Tips for Starting with an Incline Walking Pad

The very first action you’ll need to take to get in some quality steps is purchasing a premium incline walking pad. Redliro has a fantastic Incline Walking Pad that fits under your desk, making it easy to bring out, get in a workout, and move on with the rest of your day. Other helpful tips include:

  • Start with a Low Incline: You wouldn’t hike Everest without a bit of experience right? Start with a 3-5% incline and give your body time to acclimate to the new exercise style.
  • Invest in a Heart Monitor: You want to shoot for between 100 and 120 heartbeats per minute while using an incline walking treadmill. You can go higher, but this is a good “middle of the road” rate that ensures you're working a little hard but not so hard that you’ll feel exhausted afterward.
  • Adjust Your Speed Accordingly: You are in charge of your treadmill walking. Set the speed to what you feel is suitable for your unique needs. You want to push just hard enough to progress, not to collapse.
  • Always Listen to Your Body: Your joints and muscles may feel amazing one day and rough the next. Listen to your body and adjust your incline walking so you aren’t overdoing anything.
  • Gradually Increase Measurements: The more you walk, the more you build stamina and constitution.

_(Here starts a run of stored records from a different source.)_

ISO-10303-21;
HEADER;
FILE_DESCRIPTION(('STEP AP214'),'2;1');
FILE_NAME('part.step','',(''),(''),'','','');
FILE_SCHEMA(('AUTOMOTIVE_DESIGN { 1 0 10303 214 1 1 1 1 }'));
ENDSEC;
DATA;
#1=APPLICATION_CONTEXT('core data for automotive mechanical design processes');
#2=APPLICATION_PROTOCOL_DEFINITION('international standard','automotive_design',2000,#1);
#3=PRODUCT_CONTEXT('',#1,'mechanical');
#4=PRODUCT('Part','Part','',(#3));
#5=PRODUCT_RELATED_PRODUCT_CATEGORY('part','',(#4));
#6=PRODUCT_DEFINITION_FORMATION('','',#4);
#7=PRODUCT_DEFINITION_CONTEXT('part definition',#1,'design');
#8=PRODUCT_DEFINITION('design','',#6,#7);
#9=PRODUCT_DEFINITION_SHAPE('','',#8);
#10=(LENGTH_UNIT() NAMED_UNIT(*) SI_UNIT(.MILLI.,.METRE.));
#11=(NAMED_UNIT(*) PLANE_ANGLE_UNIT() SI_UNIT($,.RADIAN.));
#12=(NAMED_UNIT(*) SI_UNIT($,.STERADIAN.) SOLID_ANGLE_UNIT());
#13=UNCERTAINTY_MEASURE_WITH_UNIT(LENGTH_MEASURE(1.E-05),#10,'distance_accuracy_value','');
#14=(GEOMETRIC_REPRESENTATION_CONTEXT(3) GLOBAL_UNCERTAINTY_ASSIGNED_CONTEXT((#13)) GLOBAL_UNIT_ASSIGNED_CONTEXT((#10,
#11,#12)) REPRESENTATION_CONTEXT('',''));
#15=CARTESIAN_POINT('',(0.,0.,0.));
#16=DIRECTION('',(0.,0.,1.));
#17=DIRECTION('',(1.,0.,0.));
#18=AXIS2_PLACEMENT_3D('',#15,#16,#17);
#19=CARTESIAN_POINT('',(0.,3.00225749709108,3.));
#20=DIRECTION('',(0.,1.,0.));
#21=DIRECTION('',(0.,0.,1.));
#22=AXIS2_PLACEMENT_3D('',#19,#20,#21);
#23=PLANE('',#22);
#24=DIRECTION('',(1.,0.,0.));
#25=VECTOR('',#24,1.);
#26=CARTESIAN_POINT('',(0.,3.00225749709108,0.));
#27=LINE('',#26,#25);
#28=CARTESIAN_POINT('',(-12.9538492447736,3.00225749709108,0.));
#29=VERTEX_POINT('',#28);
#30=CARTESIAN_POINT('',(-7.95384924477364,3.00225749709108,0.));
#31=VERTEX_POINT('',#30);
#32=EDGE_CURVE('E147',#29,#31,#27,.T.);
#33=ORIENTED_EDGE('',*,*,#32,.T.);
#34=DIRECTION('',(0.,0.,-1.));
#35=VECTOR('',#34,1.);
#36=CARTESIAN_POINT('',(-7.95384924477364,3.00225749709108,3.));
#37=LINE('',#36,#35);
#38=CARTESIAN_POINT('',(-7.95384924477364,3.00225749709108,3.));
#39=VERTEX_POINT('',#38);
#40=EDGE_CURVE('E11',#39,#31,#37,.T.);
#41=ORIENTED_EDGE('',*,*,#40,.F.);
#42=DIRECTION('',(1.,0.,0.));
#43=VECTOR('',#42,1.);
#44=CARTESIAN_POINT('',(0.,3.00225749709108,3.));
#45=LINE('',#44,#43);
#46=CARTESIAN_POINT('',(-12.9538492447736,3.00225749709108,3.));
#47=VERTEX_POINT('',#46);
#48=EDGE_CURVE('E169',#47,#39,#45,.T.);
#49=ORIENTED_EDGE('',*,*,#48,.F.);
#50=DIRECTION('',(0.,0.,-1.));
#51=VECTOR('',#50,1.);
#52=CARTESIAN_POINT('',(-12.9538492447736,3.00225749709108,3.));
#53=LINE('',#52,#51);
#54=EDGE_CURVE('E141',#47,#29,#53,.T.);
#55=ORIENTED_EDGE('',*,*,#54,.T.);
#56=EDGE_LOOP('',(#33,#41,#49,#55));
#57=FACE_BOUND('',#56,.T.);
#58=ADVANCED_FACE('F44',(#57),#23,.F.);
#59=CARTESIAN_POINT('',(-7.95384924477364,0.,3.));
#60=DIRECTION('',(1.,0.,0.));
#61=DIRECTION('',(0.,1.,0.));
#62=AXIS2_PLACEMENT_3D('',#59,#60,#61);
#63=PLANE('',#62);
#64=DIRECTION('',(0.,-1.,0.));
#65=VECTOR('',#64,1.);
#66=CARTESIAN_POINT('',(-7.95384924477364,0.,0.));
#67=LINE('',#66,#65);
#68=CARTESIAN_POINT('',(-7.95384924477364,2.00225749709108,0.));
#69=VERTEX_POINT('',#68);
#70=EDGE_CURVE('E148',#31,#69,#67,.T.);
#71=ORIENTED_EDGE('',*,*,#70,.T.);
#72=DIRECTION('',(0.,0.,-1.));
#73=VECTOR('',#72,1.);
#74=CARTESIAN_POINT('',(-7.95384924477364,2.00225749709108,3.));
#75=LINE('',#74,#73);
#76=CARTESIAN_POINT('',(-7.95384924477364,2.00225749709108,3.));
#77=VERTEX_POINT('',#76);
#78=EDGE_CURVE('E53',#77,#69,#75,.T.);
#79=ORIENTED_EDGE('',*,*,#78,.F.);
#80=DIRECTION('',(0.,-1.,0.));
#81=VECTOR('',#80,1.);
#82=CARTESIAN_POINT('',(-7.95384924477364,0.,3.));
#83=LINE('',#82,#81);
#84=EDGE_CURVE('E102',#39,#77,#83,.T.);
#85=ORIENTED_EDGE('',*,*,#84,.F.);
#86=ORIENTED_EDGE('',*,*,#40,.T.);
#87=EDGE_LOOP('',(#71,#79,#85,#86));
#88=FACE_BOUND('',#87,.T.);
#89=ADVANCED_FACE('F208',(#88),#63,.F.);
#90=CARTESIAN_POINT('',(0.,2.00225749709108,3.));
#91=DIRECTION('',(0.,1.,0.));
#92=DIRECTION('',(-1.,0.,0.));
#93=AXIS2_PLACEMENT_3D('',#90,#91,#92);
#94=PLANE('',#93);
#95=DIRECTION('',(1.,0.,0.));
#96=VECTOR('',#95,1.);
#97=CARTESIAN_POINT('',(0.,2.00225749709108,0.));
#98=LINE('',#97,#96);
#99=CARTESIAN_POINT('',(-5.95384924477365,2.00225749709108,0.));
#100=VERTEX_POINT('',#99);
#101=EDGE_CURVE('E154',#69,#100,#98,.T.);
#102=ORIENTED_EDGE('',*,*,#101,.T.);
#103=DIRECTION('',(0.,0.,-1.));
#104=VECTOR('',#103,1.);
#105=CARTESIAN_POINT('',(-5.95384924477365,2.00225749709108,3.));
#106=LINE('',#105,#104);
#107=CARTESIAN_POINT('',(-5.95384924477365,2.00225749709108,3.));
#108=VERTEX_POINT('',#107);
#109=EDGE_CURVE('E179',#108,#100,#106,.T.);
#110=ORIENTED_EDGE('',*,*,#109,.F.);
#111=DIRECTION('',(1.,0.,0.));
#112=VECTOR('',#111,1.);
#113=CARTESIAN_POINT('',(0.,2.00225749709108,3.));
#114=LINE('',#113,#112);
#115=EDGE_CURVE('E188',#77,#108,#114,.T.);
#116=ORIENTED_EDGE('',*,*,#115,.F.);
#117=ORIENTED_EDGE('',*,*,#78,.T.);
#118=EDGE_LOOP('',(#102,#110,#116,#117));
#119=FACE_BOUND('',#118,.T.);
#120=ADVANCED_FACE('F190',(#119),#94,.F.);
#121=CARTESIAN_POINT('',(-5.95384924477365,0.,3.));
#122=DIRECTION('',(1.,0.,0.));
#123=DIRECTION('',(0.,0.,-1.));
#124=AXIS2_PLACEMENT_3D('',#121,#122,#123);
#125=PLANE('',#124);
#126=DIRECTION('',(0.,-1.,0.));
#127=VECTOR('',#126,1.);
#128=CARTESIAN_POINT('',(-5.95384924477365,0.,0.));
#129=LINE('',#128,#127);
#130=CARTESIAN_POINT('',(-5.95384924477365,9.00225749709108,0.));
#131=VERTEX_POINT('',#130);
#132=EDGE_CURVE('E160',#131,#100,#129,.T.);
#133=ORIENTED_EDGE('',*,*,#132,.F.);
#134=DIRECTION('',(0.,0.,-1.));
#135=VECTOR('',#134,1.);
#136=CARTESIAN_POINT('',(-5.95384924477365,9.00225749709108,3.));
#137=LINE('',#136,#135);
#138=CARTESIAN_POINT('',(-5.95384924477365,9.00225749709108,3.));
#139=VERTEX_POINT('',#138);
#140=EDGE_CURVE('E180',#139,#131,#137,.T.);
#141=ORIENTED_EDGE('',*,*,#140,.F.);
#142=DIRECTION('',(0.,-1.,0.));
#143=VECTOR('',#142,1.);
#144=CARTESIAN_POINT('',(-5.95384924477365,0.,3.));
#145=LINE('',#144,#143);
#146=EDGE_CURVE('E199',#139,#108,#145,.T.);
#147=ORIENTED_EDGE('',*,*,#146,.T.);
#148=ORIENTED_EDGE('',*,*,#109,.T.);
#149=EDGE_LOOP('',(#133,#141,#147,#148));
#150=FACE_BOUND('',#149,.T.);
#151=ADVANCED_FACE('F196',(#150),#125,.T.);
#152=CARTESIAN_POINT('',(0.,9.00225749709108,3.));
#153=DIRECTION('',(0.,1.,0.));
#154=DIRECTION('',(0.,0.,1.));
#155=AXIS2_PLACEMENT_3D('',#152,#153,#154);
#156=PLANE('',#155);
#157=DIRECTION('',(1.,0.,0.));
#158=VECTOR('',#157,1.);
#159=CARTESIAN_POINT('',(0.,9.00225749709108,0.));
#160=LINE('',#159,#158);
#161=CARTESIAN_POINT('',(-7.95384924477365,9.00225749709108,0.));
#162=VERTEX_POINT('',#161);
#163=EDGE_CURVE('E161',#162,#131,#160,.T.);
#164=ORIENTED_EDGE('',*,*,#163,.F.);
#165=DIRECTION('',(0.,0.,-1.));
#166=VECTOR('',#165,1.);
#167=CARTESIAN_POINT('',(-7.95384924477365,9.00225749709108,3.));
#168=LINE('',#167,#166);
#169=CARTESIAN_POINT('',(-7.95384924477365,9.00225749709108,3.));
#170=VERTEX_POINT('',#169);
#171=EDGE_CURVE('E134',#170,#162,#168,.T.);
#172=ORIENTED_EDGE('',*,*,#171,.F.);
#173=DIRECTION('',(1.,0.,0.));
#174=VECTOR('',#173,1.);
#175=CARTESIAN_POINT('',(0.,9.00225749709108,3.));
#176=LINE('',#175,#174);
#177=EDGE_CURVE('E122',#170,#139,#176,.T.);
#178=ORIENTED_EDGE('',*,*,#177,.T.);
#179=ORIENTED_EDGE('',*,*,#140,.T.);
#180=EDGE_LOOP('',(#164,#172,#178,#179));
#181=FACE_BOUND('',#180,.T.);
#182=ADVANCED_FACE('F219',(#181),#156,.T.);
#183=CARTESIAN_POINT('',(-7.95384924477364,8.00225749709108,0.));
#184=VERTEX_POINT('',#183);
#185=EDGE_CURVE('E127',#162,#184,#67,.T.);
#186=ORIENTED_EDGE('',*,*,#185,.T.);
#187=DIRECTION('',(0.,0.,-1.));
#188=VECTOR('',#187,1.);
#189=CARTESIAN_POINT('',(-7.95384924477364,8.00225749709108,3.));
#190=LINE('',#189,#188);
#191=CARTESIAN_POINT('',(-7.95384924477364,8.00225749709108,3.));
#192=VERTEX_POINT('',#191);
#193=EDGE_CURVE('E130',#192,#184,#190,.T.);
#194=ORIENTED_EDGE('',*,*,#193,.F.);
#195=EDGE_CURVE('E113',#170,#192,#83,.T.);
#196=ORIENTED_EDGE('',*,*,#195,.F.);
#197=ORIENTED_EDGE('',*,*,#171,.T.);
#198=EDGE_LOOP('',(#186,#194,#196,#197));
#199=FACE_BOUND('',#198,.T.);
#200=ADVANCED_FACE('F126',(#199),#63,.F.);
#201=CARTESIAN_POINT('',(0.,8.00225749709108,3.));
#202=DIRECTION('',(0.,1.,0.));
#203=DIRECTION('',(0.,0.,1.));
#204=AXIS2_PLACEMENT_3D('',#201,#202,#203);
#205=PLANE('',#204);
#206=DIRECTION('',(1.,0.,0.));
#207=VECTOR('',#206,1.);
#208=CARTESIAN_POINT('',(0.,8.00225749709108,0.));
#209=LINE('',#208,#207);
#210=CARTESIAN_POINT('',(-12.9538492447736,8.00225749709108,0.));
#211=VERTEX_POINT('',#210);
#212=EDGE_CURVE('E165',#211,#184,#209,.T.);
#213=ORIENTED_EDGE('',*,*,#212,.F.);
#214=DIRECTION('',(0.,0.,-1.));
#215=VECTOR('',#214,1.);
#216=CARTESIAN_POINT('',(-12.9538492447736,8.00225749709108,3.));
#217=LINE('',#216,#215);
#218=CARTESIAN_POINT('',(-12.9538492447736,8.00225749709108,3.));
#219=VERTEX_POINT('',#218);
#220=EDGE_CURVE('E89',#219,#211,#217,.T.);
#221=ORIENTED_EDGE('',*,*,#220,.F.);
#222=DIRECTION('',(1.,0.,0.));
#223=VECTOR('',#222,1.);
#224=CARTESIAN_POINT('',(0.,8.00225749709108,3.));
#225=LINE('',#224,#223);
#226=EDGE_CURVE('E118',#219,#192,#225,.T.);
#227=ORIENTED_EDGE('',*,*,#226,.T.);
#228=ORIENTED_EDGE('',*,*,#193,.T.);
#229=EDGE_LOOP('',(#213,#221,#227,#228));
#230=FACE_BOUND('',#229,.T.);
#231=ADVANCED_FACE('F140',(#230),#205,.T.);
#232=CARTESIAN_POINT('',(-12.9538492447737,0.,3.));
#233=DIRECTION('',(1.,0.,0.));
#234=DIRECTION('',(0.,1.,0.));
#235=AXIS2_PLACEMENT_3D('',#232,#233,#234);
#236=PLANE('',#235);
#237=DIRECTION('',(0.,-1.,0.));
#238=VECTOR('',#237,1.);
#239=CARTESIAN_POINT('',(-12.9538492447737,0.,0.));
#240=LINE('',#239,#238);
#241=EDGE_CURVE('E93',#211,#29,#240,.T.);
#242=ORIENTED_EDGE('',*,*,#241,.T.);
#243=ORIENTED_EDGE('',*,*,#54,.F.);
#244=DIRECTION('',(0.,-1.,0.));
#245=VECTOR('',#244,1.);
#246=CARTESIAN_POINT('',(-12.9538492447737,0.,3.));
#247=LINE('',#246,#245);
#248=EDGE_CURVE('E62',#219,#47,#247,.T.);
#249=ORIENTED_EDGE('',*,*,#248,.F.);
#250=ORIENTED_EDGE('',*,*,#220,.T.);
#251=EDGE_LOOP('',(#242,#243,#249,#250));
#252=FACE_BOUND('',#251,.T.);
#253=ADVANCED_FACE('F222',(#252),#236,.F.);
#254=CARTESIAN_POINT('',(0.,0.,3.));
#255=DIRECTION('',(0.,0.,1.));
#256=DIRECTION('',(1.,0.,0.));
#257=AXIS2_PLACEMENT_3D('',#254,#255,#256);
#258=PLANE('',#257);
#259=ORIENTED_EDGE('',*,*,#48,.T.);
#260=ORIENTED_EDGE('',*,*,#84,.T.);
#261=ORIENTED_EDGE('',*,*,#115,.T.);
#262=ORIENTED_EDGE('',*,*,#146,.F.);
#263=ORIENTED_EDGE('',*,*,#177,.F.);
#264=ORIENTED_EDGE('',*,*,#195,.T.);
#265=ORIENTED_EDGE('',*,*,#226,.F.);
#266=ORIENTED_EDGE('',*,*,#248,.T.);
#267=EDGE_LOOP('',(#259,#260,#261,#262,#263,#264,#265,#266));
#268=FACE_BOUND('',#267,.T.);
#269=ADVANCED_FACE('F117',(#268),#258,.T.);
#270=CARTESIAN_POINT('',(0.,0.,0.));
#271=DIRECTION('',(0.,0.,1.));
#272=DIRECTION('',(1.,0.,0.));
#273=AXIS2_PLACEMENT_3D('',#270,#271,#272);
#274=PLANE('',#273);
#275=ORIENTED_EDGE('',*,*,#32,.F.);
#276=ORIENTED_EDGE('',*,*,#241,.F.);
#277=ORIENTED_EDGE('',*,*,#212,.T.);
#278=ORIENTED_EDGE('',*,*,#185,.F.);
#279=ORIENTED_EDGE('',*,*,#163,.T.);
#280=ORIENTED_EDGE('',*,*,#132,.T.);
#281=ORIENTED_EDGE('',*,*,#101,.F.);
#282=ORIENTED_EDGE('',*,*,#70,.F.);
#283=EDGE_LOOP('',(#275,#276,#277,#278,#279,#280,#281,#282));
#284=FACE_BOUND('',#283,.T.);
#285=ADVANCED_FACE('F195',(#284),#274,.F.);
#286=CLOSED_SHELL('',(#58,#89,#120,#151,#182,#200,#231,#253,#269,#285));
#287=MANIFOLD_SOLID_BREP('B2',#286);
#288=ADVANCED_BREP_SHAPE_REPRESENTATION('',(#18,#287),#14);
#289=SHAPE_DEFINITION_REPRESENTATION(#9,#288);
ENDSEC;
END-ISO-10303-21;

It’s okay to take your time and slowly increase the incline and speed.
  • Alternate Incline and Flat Walking: The more you use an incline walking treadmill, the greater you ability to tell what works best for your body. Feel free to adjust the angle of the incline according to how much resistance you want. In many cases, you can fluctuate between incline and flat walking to diversity a single workout session.
  • Don’t Forget to Stretch: Stretching after a workout is an evidence-backed method to reduce soreness and joint stress. Start with a simple routine you can find on YouTube. A good trick is to look for instructors over 45 years old because they will use stretches with much more emphasis on joint improvement. 

Final Thoughts

Resistant walking is a clean, easy, and enjoyable activity that improves mental health, mobility, and overall physical health. Using a Redliro Incline Walking Pad will help you burn off some calories conveniently in your home or working space.

Adding a slight incline to your regular walking routine gives you that little extra boost you need to strengthen the body further. Give yourself time, listen to your body, and you will be amazed at the fantastic results.